12. What recent consideration he has given to changing the types of establishment in which female convicts are detained. (182477)

The Government’s response to the Corston report makes a commitment to consider the future of the women’s custodial estate. A project has been set up to examine Baroness Corston’s recommendation that the women’s estate should be replaced with smaller, geographically dispersed custodial units. I hope that that project will report to Ministers in April.

Can the Minister give some indication of the time scale? The Corston review was published about nine months ago, and can be contrasted with the Carter review, which recommended the expansion of male prisons. It seems as if all the available money is being targeted at the men, while women are being left in conditions that are totally unsuitable, given that 70 per cent. of female prisoners have mental health conditions.

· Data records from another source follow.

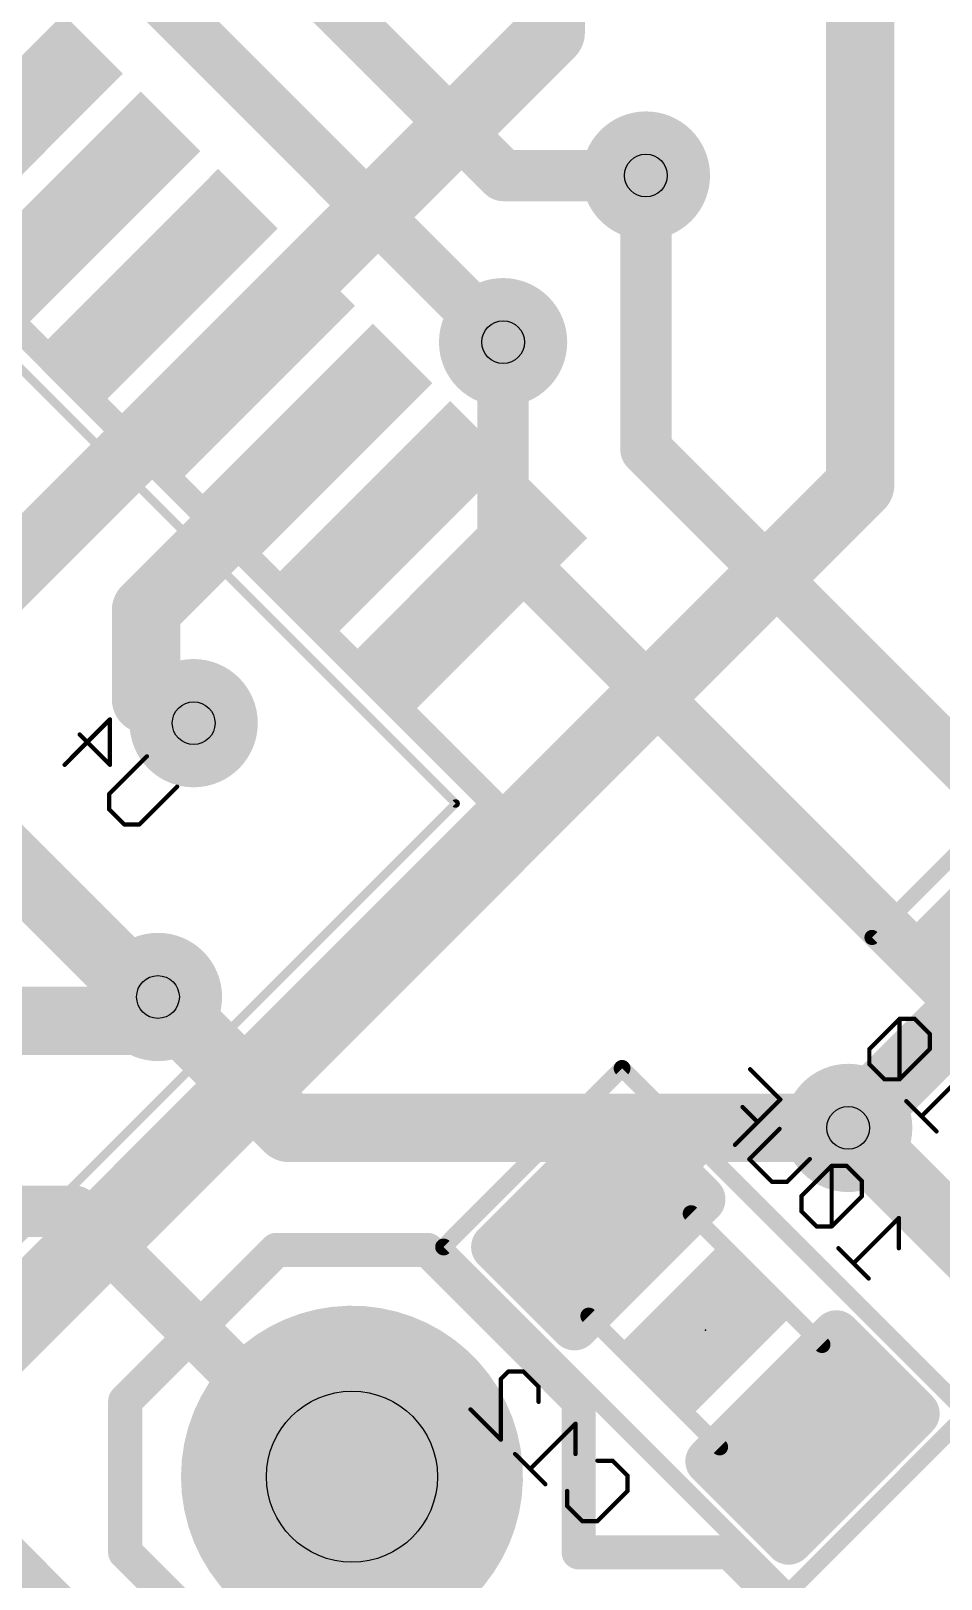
# Model space of a CAD drawing. Extents: x -76 to 580, y -41 to 95.
# Drawn here: x 120.51 to 125.92, y 4.53 to 13.73 of the extents above; entities that cross this region are included whole.
import ezdxf

# ---------------------------------------------------------------- set-up
doc = ezdxf.new("R2010")
doc.units = 0
for name, color, linetype in [('1', 22, 'CONTINUOUS'), ('16', 175, 'CONTINUOUS'), ('17', 82, 'CONTINUOUS'), ('18', 82, 'CONTINUOUS'), ('22', 2, 'CONTINUOUS'), ('24', 7, 'CONTINUOUS'), ('26', 253, 'CONTINUOUS'), ('28', 253, 'CONTINUOUS'), ('29', 253, 'CONTINUOUS'), ('30', 253, 'CONTINUOUS'), ('32', 253, 'CONTINUOUS'), ('36', 253, 'CONTINUOUS'), ('40', 175, 'CONTINUOUS'), ('44', 253, 'CONTINUOUS'), ('51', 53, 'CONTINUOUS'), ('52', 253, 'CONTINUOUS')]:
    doc.layers.add(name, color=color, linetype=linetype)

# ---------------------------------------------------------------- blocks, each defined once
blk = doc.blocks.new('RECT112000X144000R30')
at = {"const_width": 0.105}
blk.add_lwpolyline([(0.2975, -0.345), (0.2975, 0.345, 0.4142), (0.245, 0.3975), (-0.245, 0.3975, 0.4142), (-0.2975, 0.345), (-0.2975, -0.345, 0.4142), (-0.245, -0.3975), (0.245, -0.3975, 0.4142)], format="xyb", close=True, dxfattribs=at)
blk.add_solid([(-0.2704, -0.3704), (0.2704, -0.3704), (-0.2704, 0.3704), (0.2704, 0.3704)])
blk = doc.blocks.new('RECT136384X168384R30')
at = {"const_width": 0.1279}
blk.add_lwpolyline([(0.3623, -0.3983), (0.3623, 0.3983, 0.4142), (0.2983, 0.4623), (-0.2983, 0.4623, 0.4142), (-0.3623, 0.3983), (-0.3623, -0.3983, 0.4142), (-0.2983, -0.4623), (0.2983, -0.4623, 0.4142)], format="xyb", close=True, dxfattribs=at)
blk.add_solid([(-0.3237, -0.4237), (0.3237, -0.4237), (-0.3237, 0.4237), (0.3237, 0.4237)])
blk = doc.blocks.new('RECT')
blk.add_solid([(-0.5, -0.5), (0.5, -0.5), (-0.5, 0.5), (0.5, 0.5)])
blk = doc.blocks.new('RECT128000X192000R30')
at = {"const_width": 0.12}
blk.add_lwpolyline([(0.34, -0.48), (0.34, 0.48, 0.4142), (0.28, 0.54), (-0.28, 0.54, 0.4142), (-0.34, 0.48), (-0.34, -0.48, 0.4142), (-0.28, -0.54), (0.28, -0.54, 0.4142)], format="xyb", close=True, dxfattribs=at)
blk.add_solid([(-0.3054, -0.5054), (0.3054, -0.5054), (-0.3054, 0.5054), (0.3054, 0.5054)])
blk = doc.blocks.new('RECT152384X216384R30')
at = {"const_width": 0.1429}
blk.add_lwpolyline([(0.4048, -0.5333), (0.4048, 0.5333, 0.4142), (0.3333, 0.6048), (-0.3333, 0.6048, 0.4142), (-0.4048, 0.5333), (-0.4048, -0.5333, 0.4142), (-0.3333, -0.6048), (0.3333, -0.6048, 0.4142)], format="xyb", close=True, dxfattribs=at)
blk.add_solid([(-0.3587, -0.5587), (0.3587, -0.5587), (-0.3587, 0.5587), (0.3587, 0.5587)])
blk = doc.blocks.new('ROUNDP')
at = {"const_width": 0.5}
blk.add_lwpolyline([(0, -0.25, 1), (0, 0.25, 1), (0, -0.25)], format="xyb", dxfattribs=at)
blk = doc.blocks.new('ROUNDV')
at = {"const_width": 0.5}
blk.add_lwpolyline([(0, -0.25, 1), (0, 0.25, 1), (0, -0.25)], format="xyb", dxfattribs=at)

msp = doc.modelspace()

# ---------------------------------------------------------------- linework, layer by layer
at = {"layer": '1'}
for points, const_width in [([(123.6023, 13.7179), (123.6023, 14.425)], 0.4064), ([(123.6023, 13.7179), (119.5718, 9.6874)], 0.4064), ([(124.168, 12.8693), (124.168, 11.243)], 0.3048), ([(123.3194, 10.6773), (123.3194, 11.8794)], 0.3048), ([(124.168, 11.243), (132.4057, 3.0052)], 0.3048), ([(131.6986, 2.2981), (123.3194, 10.6773)], 0.3048), ([(122.0466, 7.2125), (121.2688, 7.9903)], 0.4064), ([(125.37, 7.2125), (122.0466, 7.2125)], 0.4064), ([(130.9915, 1.591), (125.37, 7.2125)], 0.4064), ([(120.7738, 6.7175), (119.5718, 6.7175)], 0.3048), ([(122.386, 5.1053), (120.7738, 6.7175)], 0.3048), ([(122.386, 5.1053), (122.4214, 5.1407)], 0.8128), ([(123.4608, 1.5556), (120.0667, 4.9497)], 0.3048)]:
    msp.add_lwpolyline(points, dxfattribs=dict(at, const_width=const_width))
for points, const_width in [([(123.6741, 13.646, 1), (123.5304, 13.7897)], 0.2032), ([(123.5007, 13.7179, 1), (123.7039, 13.7179)], 0.2032), ([(124.2442, 12.8693, 1), (124.0918, 12.8693)], 0.1524), ([(123.3956, 11.8794, 1), (123.2432, 11.8794)], 0.1524), ([(124.2218, 11.2969, 1), (124.1141, 11.1891)], 0.1524), ([(124.0918, 11.243, 1), (124.2442, 11.243)], 0.1524), ([(123.3733, 10.7312, 1), (123.2655, 10.6234)], 0.1524), ([(123.2432, 10.6773, 1), (123.3956, 10.6773)], 0.1524), ([(121.3407, 8.0621, 1), (121.197, 7.9185)], 0.2032), ([(122.0466, 7.3141, 1), (122.0466, 7.1109)], 0.2032), ([(121.9748, 7.1406, 1), (122.1185, 7.2843)], 0.2032), ([(125.4419, 7.2843, 1), (125.2982, 7.1406)], 0.2032), ([(125.37, 7.1109, 1), (125.37, 7.3141)], 0.2032), ([(120.8277, 6.7714, 1), (120.72, 6.6636)], 0.1524), ([(120.7738, 6.6413, 1), (120.7738, 6.7937)], 0.1524), ([(122.5651, 4.997, 1), (122.2777, 5.2843)], 0.4064), ([(122.2424, 5.249, 1), (122.5297, 4.9616)], 0.4064), ([(122.3322, 5.0514, 1), (122.4399, 5.1592)], 0.1524)]:
    msp.add_lwpolyline(points, format="xyb", dxfattribs=dict(at, const_width=const_width))
at = {"layer": '16'}
for points, const_width in [([(119.0768, 17.112), (123.3194, 12.8693)], 0.3048), ([(123.3194, 11.8794), (118.7232, 16.4756)], 0.3048), ([(125.4407, 14.1421), (125.4407, 11.0309)], 0.4064), ([(123.3194, 12.8693), (124.168, 12.8693)], 0.3048), ([(121.1981, 10.2884), (122.1039, 11.1942)], 0.4064), ([(125.4407, 11.0309), (120.0667, 5.6569)], 0.4064), ([(121.1981, 9.7581), (121.1981, 10.2884)], 0.4064), ([(119.1122, 10.0762), (121.1981, 7.9903)], 0.4064), ([(125.37, 7.2125), (126.36, 8.2024)], 0.4064), ([(121.1274, 7.8489), (121.2688, 7.9903)], 0.4064), ([(121.1981, 7.9903), (121.2688, 7.9903)], 0.4064), ([(118.7232, 7.8489), (121.1274, 7.8489)], 0.4064), ([(123.8851, 6.6468), (124.4508, 7.2125)], 0.4064), ([(124.4508, 7.2125), (125.37, 7.2125)], 0.4064)]:
    msp.add_lwpolyline(points, dxfattribs=dict(at, const_width=const_width))
for points, const_width in [([(123.3194, 12.9455, 1), (123.3194, 12.7931)], 0.1524), ([(123.2655, 12.8155, 1), (123.3733, 12.9232)], 0.1524), ([(124.168, 12.7931, 1), (124.168, 12.9455)], 0.1524), ([(123.2655, 11.8255, 1), (123.3733, 11.9333)], 0.1524), ([(122.1757, 11.1224, 1), (122.0321, 11.266)], 0.2032), ([(125.5126, 10.959, 1), (125.3689, 11.1027)], 0.2032), ([(125.3391, 11.0309, 1), (125.5423, 11.0309)], 0.2032), ([(121.2997, 10.2884, 1), (121.0965, 10.2884)], 0.2032), ([(121.1263, 10.3602, 1), (121.2699, 10.2166)], 0.2032), ([(121.0965, 9.7581, 1), (121.2997, 9.7581)], 0.2032), ([(121.1981, 8.0919, 1), (121.1981, 7.8887)], 0.2032), ([(121.3407, 7.9185, 1), (121.197, 8.0621)], 0.2032), ([(121.2688, 7.8887, 1), (121.2688, 8.0919)], 0.2032), ([(121.1263, 7.9185, 1), (121.2699, 8.0621)], 0.2032), ([(121.0555, 7.9207, 1), (121.1992, 7.777)], 0.2032), ([(121.1274, 7.7473, 1), (121.1274, 7.9505)], 0.2032), ([(124.4508, 7.3141, 1), (124.4508, 7.1109)], 0.2032), ([(124.5226, 7.1406, 1), (124.3789, 7.2843)], 0.2032), ([(125.2982, 7.2843, 1), (125.4419, 7.1406)], 0.2032), ([(125.37, 7.1109, 1), (125.37, 7.3141)], 0.2032), ([(123.8133, 6.7186, 1), (123.957, 6.575)], 0.2032)]:
    msp.add_lwpolyline(points, format="xyb", dxfattribs=dict(at, const_width=const_width))
at = {"layer": '22', "const_width": 0.1524}
for points in [[(123.2664, 9.1394), (115.9125, 16.4933)], [(119.1298, 5.0028), (123.2664, 9.1394)]]:
    msp.add_lwpolyline(points, dxfattribs=at)
at = {"layer": '22', "const_width": 0.0762}
for points in [[(123.2933, 9.1124, 1), (123.2394, 9.1663)], [(123.2394, 9.1124, 1), (123.2933, 9.1663)]]:
    msp.add_lwpolyline(points, format="xyb", dxfattribs=at)
at = {"layer": '24'}
msp.add_point((124.5215, 6.0104), dxfattribs=at)
at = {"layer": '26', "const_width": 0.0254}
for points in [[(120.7138, 9.3693), (120.9835, 9.639)], [(120.9835, 9.639), (120.9835, 9.3693)], [(120.9835, 9.3693), (120.8037, 9.5491)], [(120.9784, 9.1946), (121.2031, 9.4193)], [(120.9784, 9.1047), (120.9784, 9.1946)], [(121.3829, 9.2396), (121.1582, 9.0149)], [(121.0683, 9.0149), (120.9784, 9.1047)], [(121.1582, 9.0149), (121.0683, 9.0149)], [(125.6751, 7.8607), (125.4953, 7.681)], [(125.7649, 7.8607), (125.6751, 7.8607)], [(125.6751, 7.5012), (125.6751, 7.8607)], [(125.8548, 7.7709), (125.7649, 7.8607)], [(125.8548, 7.681), (125.8548, 7.7709)], [(125.4953, 7.681), (125.4953, 7.5911)], [(125.6751, 7.5012), (125.8548, 7.681)], [(125.4953, 7.5911), (125.5852, 7.5012)], [(126.0745, 7.5512), (125.8048, 7.2816)], [(125.5852, 7.5012), (125.6751, 7.5012)], [(125.8947, 7.1917), (125.715, 7.3714)], [(123.3055, 5.7203), (123.3504, 5.7652)], [(123.3055, 5.3608), (123.3055, 5.7203)], [(123.3504, 5.7652), (123.4403, 5.7652)], [(123.4403, 5.7652), (123.5302, 5.6753)], [(123.5302, 5.6753), (123.5302, 5.5855)], [(123.1257, 5.5405), (123.3055, 5.3608)], [(123.7499, 5.4557), (123.4802, 5.186)], [(123.7499, 5.2759), (123.7499, 5.4557)], [(123.5701, 5.0962), (123.3904, 5.2759)], [(123.8797, 5.236), (123.9695, 5.236)], [(123.9695, 5.236), (124.0594, 5.1461)], [(124.0594, 5.1461), (124.0594, 5.0563)], [(123.6999, 4.9664), (123.6999, 5.0563)], [(124.0594, 5.0563), (123.8797, 4.8765)], [(123.7898, 4.8765), (123.6999, 4.9664)], [(123.8797, 4.8765), (123.7898, 4.8765)]]:
    msp.add_lwpolyline(points, dxfattribs=at)
at = {"layer": '26', "const_width": 0.0127}
for points in [[(120.9898, 9.639, 1), (120.9771, 9.639)], [(120.988, 9.6345, 1), (120.979, 9.6435)], [(120.8082, 9.5536, 1), (120.7992, 9.5446)], [(120.7093, 9.3738, 1), (120.7183, 9.3649)], [(120.979, 9.3649, 1), (120.988, 9.3738)], [(121.2076, 9.4148, 1), (121.1986, 9.4238)], [(120.9771, 9.3693, 1), (120.9898, 9.3693)], [(120.9739, 9.1991, 1), (120.9829, 9.1901)], [(120.9848, 9.1946, 1), (120.9721, 9.1946)], [(121.3874, 9.2351, 1), (121.3784, 9.2441)], [(120.9829, 9.1092, 1), (120.9739, 9.1003)], [(120.9721, 9.1047, 1), (120.9848, 9.1047)], [(121.0683, 9.0212, 1), (121.0683, 9.0085)], [(121.0638, 9.0104, 1), (121.0728, 9.0194)], [(121.1537, 9.0194, 1), (121.1627, 9.0104)], [(121.1582, 9.0085, 1), (121.1582, 9.0212)], [(125.6751, 7.8671, 1), (125.6751, 7.8544)], [(125.6814, 7.8607, 1), (125.6687, 7.8607)], [(125.6795, 7.8562, 1), (125.6706, 7.8652)], [(125.7694, 7.8652, 1), (125.7604, 7.8562)], [(125.7649, 7.8544, 1), (125.7649, 7.8671)], [(125.8612, 7.7709, 1), (125.8485, 7.7709)], [(125.8503, 7.7664, 1), (125.8593, 7.7753)], [(125.4908, 7.6855, 1), (125.4998, 7.6765)], [(125.5016, 7.681, 1), (125.489, 7.681)], [(125.8485, 7.681, 1), (125.8612, 7.681)], [(125.8593, 7.6765, 1), (125.8503, 7.6855)], [(125.4998, 7.5956, 1), (125.4908, 7.5866)], [(125.489, 7.5911, 1), (125.5016, 7.5911)], [(125.5852, 7.5076, 1), (125.5852, 7.4949)], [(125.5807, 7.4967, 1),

I do not accept that—and the figures that I have suggest that 80 per cent. of female prisoners, rather than 70 per cent., have diagnosable mental ill health. The hon. Lady is not right to suggest that the approaches are separate. There is no doubt that the work that we are doing through the project to which I referred, which will establish more detail about how the reconfiguration of the women’s estate would work, as well as how smaller units would work and the extent to which they would be appropriate, will inform our estate strategy. Lord Carter referred in his report to the need to ensure that investment under that programme is made in such a way that it can assist in ensuring that women are not disadvantaged in the custodial system. The hon. Lady has made it clear that the needs of women are often different, and I agree with her. That is why I am the ministerial champion whose role is to ensure that we implement in a sensible way the 40 of the 43 recommendations in Baroness Corston’s report that we have accepted. These approaches can go hand in hand.